- Opening Delimiter -

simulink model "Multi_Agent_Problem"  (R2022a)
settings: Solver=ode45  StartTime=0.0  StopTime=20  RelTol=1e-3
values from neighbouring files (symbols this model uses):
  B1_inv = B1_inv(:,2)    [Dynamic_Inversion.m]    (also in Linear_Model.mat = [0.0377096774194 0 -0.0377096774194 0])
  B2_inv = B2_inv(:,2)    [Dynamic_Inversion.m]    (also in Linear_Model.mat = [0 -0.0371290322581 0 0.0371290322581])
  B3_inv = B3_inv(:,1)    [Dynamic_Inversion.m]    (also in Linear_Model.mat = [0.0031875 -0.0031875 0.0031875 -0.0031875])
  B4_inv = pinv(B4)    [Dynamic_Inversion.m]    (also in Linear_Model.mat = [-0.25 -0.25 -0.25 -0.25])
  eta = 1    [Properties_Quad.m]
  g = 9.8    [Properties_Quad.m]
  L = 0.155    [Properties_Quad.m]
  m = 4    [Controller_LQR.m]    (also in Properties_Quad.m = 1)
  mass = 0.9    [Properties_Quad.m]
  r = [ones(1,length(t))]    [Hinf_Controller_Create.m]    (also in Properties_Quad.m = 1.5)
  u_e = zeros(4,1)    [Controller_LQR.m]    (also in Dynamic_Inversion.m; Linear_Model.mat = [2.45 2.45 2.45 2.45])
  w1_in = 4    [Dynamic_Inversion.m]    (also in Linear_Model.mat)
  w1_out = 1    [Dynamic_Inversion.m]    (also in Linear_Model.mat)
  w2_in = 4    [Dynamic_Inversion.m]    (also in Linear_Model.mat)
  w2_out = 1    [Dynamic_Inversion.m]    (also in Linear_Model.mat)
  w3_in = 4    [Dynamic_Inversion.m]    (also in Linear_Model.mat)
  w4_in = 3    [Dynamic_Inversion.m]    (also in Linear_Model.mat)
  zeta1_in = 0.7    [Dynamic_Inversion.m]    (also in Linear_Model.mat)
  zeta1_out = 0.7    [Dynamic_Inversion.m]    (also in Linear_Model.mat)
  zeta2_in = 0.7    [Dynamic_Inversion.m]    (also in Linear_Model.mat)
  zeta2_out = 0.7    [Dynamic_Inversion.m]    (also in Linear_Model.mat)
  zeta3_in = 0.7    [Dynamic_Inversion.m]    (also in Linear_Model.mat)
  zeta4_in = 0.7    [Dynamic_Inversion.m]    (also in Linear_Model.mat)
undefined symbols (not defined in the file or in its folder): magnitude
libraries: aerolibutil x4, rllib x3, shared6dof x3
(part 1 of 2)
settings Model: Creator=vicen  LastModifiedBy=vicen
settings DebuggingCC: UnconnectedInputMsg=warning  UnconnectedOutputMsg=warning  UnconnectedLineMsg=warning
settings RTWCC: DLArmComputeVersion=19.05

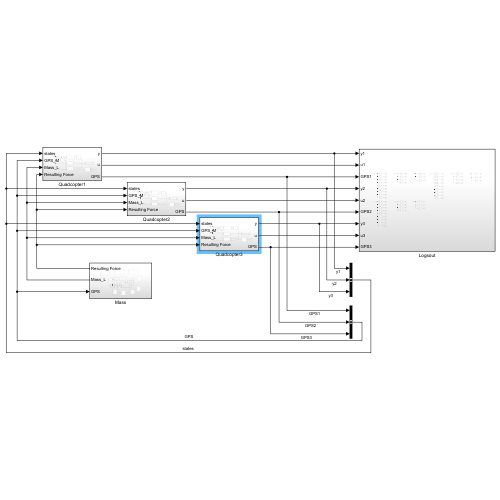
[thumbnail: Simulink's stored preview of the top-level diagram]
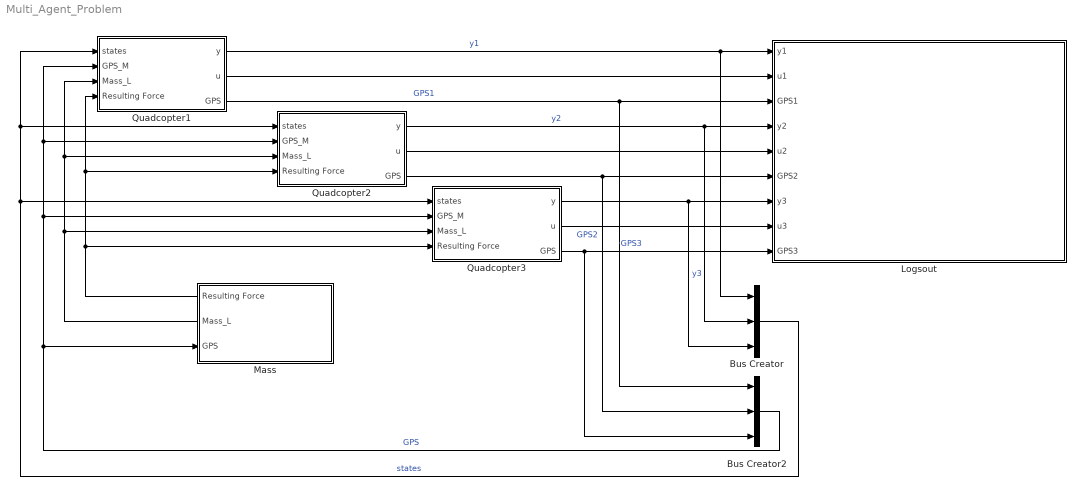
== system Multi_Agent_Problem ==
  Bus Creator : BusCreator  Inputs=3
  Bus Creator2 : BusCreator  Inputs=3
  Logsout : Subsystem
  Mass : Subsystem
      settings: PortSchema="{\"entries\":[{\"content\":{\"sides\":[{\"content\":{\"connectorIds\":[\"Out1\",\"Out2\",\"In1\"]},\"type\":\"ConnectorPlacement.EquallySpacedRectSide\",\"uuid\":\"4edc069a-805e-4b8f-97a6-cf234fccdbf6\"},{\"content\":{\"connectorIds\":[],\"side\":\"RIGHT\"},\"type\":\"ConnectorPlacement.EquallySpacedRectSide\",\"uuid\":\"8a591d16-4bf7-485b-b559-b7d05b260f63\"},{\"content\":{\"connectorIds\":[],\"side\":\"TOP\"},\"type\":\"ConnectorPlacement.EquallySpacedRectSide\",\"uuid\":\"cabdf924-e171-4e83-9a3e-1a1cf6358306\"},{\"content\":{\"connectorIds\":[],\"side\":\"BOTTOM\"},\"type\":\"ConnectorPlacement.EquallySpacedRectSide\",\"uuid\":\"5e829002-7c81-40d6-aefe-71acdfd17489\"}]},\"type\":\"ConnectorPlacement.EquallySpacedConnector\",\"uuid\":\"c7584162-5ecb-4d0e-90b3-ad9ea7690d4d\"}],\"packageUris\":[\"http://schema.mathworks.com/mf0/Connector/R2020b\"],\"version\":\"1.0\"}"
  Quadcopter1 : Subsystem
  Quadcopter2 : Subsystem
  Quadcopter3 : Subsystem
  wires:
  Quadcopter1/1(y) -> Logsout/1(y1), Bus Creator/1  "y1"
  Quadcopter1/2(u) -> Logsout/2(u1)
  Quadcopter1/3(GPS) -> Bus Creator2/1, Logsout/3(GPS1)  "GPS1"
  Quadcopter2/1(y) -> Logsout/4(y2), Bus Creator/2  "y2"
  Quadcopter2/2(u) -> Logsout/5(u2)
  Quadcopter2/3(GPS) -> Bus Creator2/2, Logsout/6(GPS2)  "GPS2"
  Quadcopter3/1(y) -> Logsout/7(y3), Bus Creator/3  "y3"
  Quadcopter3/2(u) -> Logsout/8(u3)
  Quadcopter3/3(GPS) -> Bus Creator2/3, Logsout/9(GPS3)  "GPS3"
  Bus Creator/1 -> Quadcopter3/1(states), Quadcopter2/1(states), Quadcopter1/1(states)  "states"
  Bus Creator2/1 -> Mass/1(GPS), Quadcopter3/2(GPS_M), Quadcopter2/2(GPS_M), Quadcopter1/2(GPS_M)  "GPS"
  Mass/1(Resulting Force) -> Quadcopter3/4("Resulting Force "), Quadcopter2/4("Resulting Force "), Quadcopter1/4("Resulting Force ")
  Mass/2(Mass_L) -> Quadcopter3/3(Mass_L), Quadcopter2/3(Mass_L), Quadcopter1/3(Mass_L)

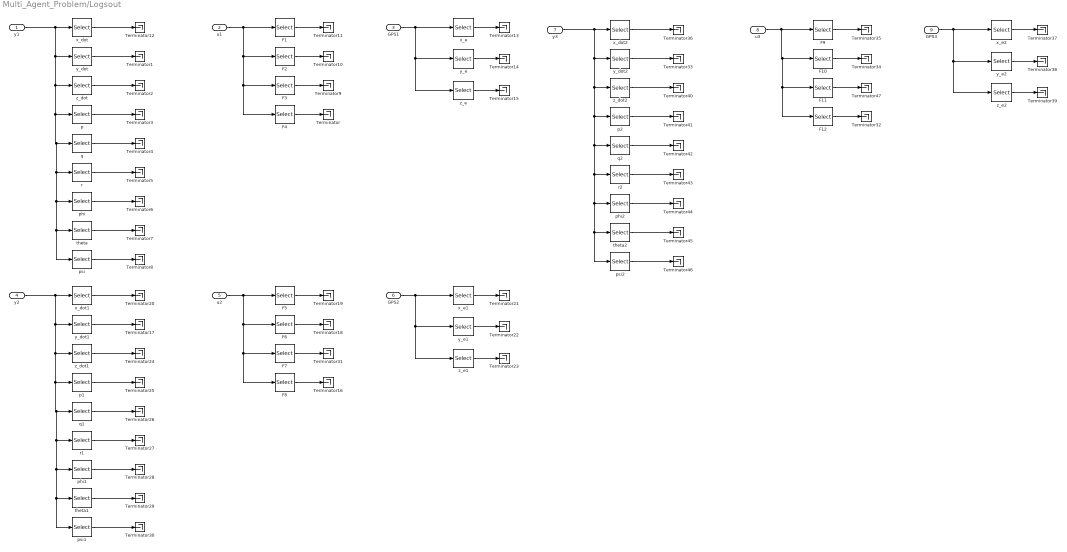
== system Multi_Agent_Problem/Logsout ==
  y1 : Inport
  u1 : Inport  Port=2
  GPS1 : Inport  Port=3
  y2 : Inport  Port=4
  u2 : Inport  Port=5
  GPS2 : Inport  Port=6
  y3 : Inport  Port=7
  u3 : Inport  Port=8
  GPS3 : Inport  Port=9
  F1 : Selector  InputPortWidth=4  IndexOptions=Index vector (dialog)  Indices=1  OutputSizes=1
  F10 : Selector  InputPortWidth=4  IndexOptions=Index vector (dialog)  Indices=2  OutputSizes=1
  F11 : Selector  InputPortWidth=4  IndexOptions=Index vector (dialog)  Indices=3  OutputSizes=1
  F12 : Selector  InputPortWidth=4  IndexOptions=Index vector (dialog)  Indices=4  OutputSizes=1
  F2 : Selector  InputPortWidth=4  IndexOptions=Index vector (dialog)  Indices=2  OutputSizes=1
  F3 : Selector  InputPortWidth=4  IndexOptions=Index vector (dialog)  Indices=3  OutputSizes=1
  F4 : Selector  InputPortWidth=4  IndexOptions=Index vector (dialog)  Indices=4  OutputSizes=1
  F5 : Selector  InputPortWidth=4  IndexOptions=Index vector (dialog)  Indices=1  OutputSizes=1
  F6 : Selector  InputPortWidth=4  IndexOptions=Index vector (dialog)  Indices=2  OutputSizes=1
  F7 : Selector  InputPortWidth=4  IndexOptions=Index vector (dialog)  Indices=3  OutputSizes=1
  F8 : Selector  InputPortWidth=4  IndexOptions=Index vector (dialog)  Indices=4  OutputSizes=1
  F9 : Selector  InputPortWidth=4  IndexOptions=Index vector (dialog)  Indices=1  OutputSizes=1
  Terminator{,1..47} (48 alike) : Terminator
  p : Selector  InputPortWidth=9  IndexOptions=Index vector (dialog)  Indices=4  OutputSizes=1
  p1 : Selector  InputPortWidth=9  IndexOptions=Index vector (dialog)  Indices=4  OutputSizes=1
  p2 : Selector  InputPortWidth=9  IndexOptions=Index vector (dialog)  Indices=4  OutputSizes=1
  phi : Selector  InputPortWidth=9  IndexOptions=Index vector (dialog)  Indices=7  OutputSizes=1
  phi1 : Selector  InputPortWidth=9  IndexOptions=Index vector (dialog)  Indices=7  OutputSizes=1
  phi2 : Selector  InputPortWidth=9  IndexOptions=Index vector (dialog)  Indices=7  OutputSizes=1
  psi : Selector  InputPortWidth=9  IndexOptions=Index vector (dialog)  Indices=9  OutputSizes=1
  psi1 : Selector  InputPortWidth=9  IndexOptions=Index vector (dialog)  Indices=9  OutputSizes=1
  psi2 : Selector  InputPortWidth=9  IndexOptions=Index vector (dialog)  Indices=9  OutputSizes=1
  q : Selector  InputPortWidth=9  IndexOptions=Index vector (dialog)  Indices=5  OutputSizes=1
  q1 : Selector  InputPortWidth=9  IndexOptions=Index vector (dialog)  Indices=5  OutputSizes=1
  q2 : Selector  InputPortWidth=9  IndexOptions=Index vector (dialog)  Indices=5  OutputSizes=1
  r : Selector  InputPortWidth=9  IndexOptions=Index vector (dialog)  Indices=6  OutputSizes=1
  r1 : Selector  InputPortWidth=9  IndexOptions=Index vector (dialog)  Indices=6  OutputSizes=1
  r2 : Selector  InputPortWidth=9  IndexOptions=Index vector (dialog)  Indices=6  OutputSizes=1
  theta : Selector  InputPortWidth=9  IndexOptions=Index vector (dialog)  Indices=8  OutputSizes=1
  theta1 : Selector  InputPortWidth=9  IndexOptions=Index vector (dialog)  Indices=8  OutputSizes=1
  theta2 : Selector  InputPortWidth=9  IndexOptions=Index vector (dialog)  Indices=8  OutputSizes=1
  x_dot : Selector  InputPortWidth=9  IndexOptions=Index vector (dialog)  Indices=1  OutputSizes=1
  x_dot1 : Selector  InputPortWidth=9  IndexOptions=Index vector (dialog)  Indices=1  OutputSizes=1
  x_dot2 : Selector  InputPortWidth=9  IndexOptions=Index vector (dialog)  Indices=1  OutputSizes=1
  x_e : Selector  InputPortWidth=3  IndexOptions=Index vector (dialog)  Indices=1  OutputSizes=1
  x_e1 : Selector  InputPortWidth=3  IndexOptions=Index vector (dialog)  Indices=1  OutputSizes=1
  x_e2 : Selector  InputPortWidth=3  IndexOptions=Index vector (dialog)  Indices=1  OutputSizes=1
  y_dot : Selector  InputPortWidth=9  IndexOptions=Index vector (dialog)  Indices=2  OutputSizes=1
  y_dot1 : Selector  InputPortWidth=9  IndexOptions=Index vector (dialog)  Indices=2  OutputSizes=1
  y_dot2 : Selector  InputPortWidth=9  IndexOptions=Index vector (dialog)  Indices=2  OutputSizes=1
  y_e : Selector  InputPortWidth=3  IndexOptions=Index vector (dialog)  Indices=2  OutputSizes=1
  y_e1 : Selector  InputPortWidth=3  IndexOptions=Index vector (dialog)  Indices=2  OutputSizes=1
  y_e2 : Selector  InputPortWidth=3  IndexOptions=Index vector (dialog)  Indices=2  OutputSizes=1
  z_dot : Selector  InputPortWidth=9  IndexOptions=Index vector (dialog)  Indices=3  OutputSizes=1
  z_dot1 : Selector  InputPortWidth=9  IndexOptions=Index vector (dialog)  Indices=3  OutputSizes=1
  z_dot2 : Selector  InputPortWidth=9  IndexOptions=Index vector (dialog)  Indices=3  OutputSizes=1
  z_e : Selector  InputPortWidth=3  IndexOptions=Index vector (dialog)  Indices=3  OutputSizes=1
  z_e1 : Selector  InputPortWidth=3  IndexOptions=Index vector (dialog)  Indices=3  OutputSizes=1
  z_e2 : Selector  InputPortWidth=3  IndexOptions=Index vector (dialog)  Indices=3  OutputSizes=1
  wires:
  y1/1 -> psi/1, theta/1, phi/1, r/1, q/1, p/1, z_dot/1, y_dot/1, x_dot/1
  x_dot/1 -> Terminator12/1
  y_dot/1 -> Terminator1/1
  z_dot/1 -> Terminator2/1
  p/1 -> Terminator3/1
  q/1 -> Terminator4/1
  r/1 -> Terminator5/1
  phi/1 -> Terminator6/1
  theta/1 -> Terminator7/1
  psi/1 -> Terminator8/1
  u1/1 -> F4/1, F3/1, F2/1, F1/1
  F1/1 -> Terminator11/1
  F2/1 -> Terminator10/1
  F3/1 -> Terminator9/1
  F4/1 -> Terminator/1
  GPS1/1 -> z_e/1, y_e/1, x_e/1
  x_e/1 -> Terminator13/1
  y_e/1 -> Terminator14/1
  z_e/1 -> Terminator15/1
  z_e1/1 -> Terminator23/1
  y_e1/1 -> Terminator22/1
  x_e1/1 -> Terminator21/1
  GPS2/1 -> x_e1/1, y_e1/1, z_e1/1
  F8/1 -> Terminator16/1
  F7/1 -> Terminator31/1
  F6/1 -> Terminator18/1
  F5/1 -> Terminator19/1
  u2/1 -> F5/1, F6/1, F7/1, F8/1
  psi1/1 -> Terminator30/1
  theta1/1 -> Terminator29/1
  phi1/1 -> Terminator28/1
  r1/1 -> Terminator27/1
  q1/1 -> Terminator26/1
  p1/1 -> Terminator25/1
  z_dot1/1 -> Terminator24/1
  y_dot1/1 -> Terminator17/1
  x_dot1/1 -> Terminator20/1
  y2/1 -> x_dot1/1, y_dot1/1, z_dot1/1, p1/1, q1/1, r1/1, phi1/1, theta1/1, psi1/1
  z_e2/1 -> Terminator39/1
  y_e2/1 -> Terminator38/1
  x_e2/1 -> Terminator37/1
  GPS3/1 -> x_e2/1, y_e2/1, z_e2/1
  F12/1 -> Terminator32/1
  F11/1 -> Terminator47/1
  F10/1 -> Terminator34/1
  F9/1 -> Terminator35/1
  u3/1 -> F9/1, F10/1, F11/1, F12/1
  psi2/1 -> Terminator46/1
  theta2/1 -> Terminator45/1
  phi2/1 -> Terminator44/1
  r2/1 -> Terminator43/1
  q2/1 -> Terminator42/1
  p2/1 -> Terminator41/1
  z_dot2/1 -> Terminator40/1
  y_dot2/1 -> Terminator33/1
  x_dot2/1 -> Terminator36/1
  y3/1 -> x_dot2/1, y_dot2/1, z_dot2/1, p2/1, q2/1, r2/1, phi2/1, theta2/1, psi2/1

- Closing Delimiter -

■ TASK INSTRUCTIONS
From the first line of the data above to the line containing "B2_inv = B2_inv(:,2)", repeat everything exactly and add nothing.

■ YOUR RESPONSE
simulink model "Multi_Agent_Problem"  (R2022a)
settings: Solver=ode45  StartTime=0.0  StopTime=20  RelTol=1e-3
values from neighbouring files (symbols this model uses):
  B1_inv = B1_inv(:,2)    [Dynamic_Inversion.m]    (also in Linear_Model.mat = [0.0377096774194 0 -0.0377096774194 0])
  B2_inv = B2_inv(:,2)    [Dynamic_Inversion.m]    (also in Linear_Model.mat = [0 -0.0371290322581 0 0.0371290322581])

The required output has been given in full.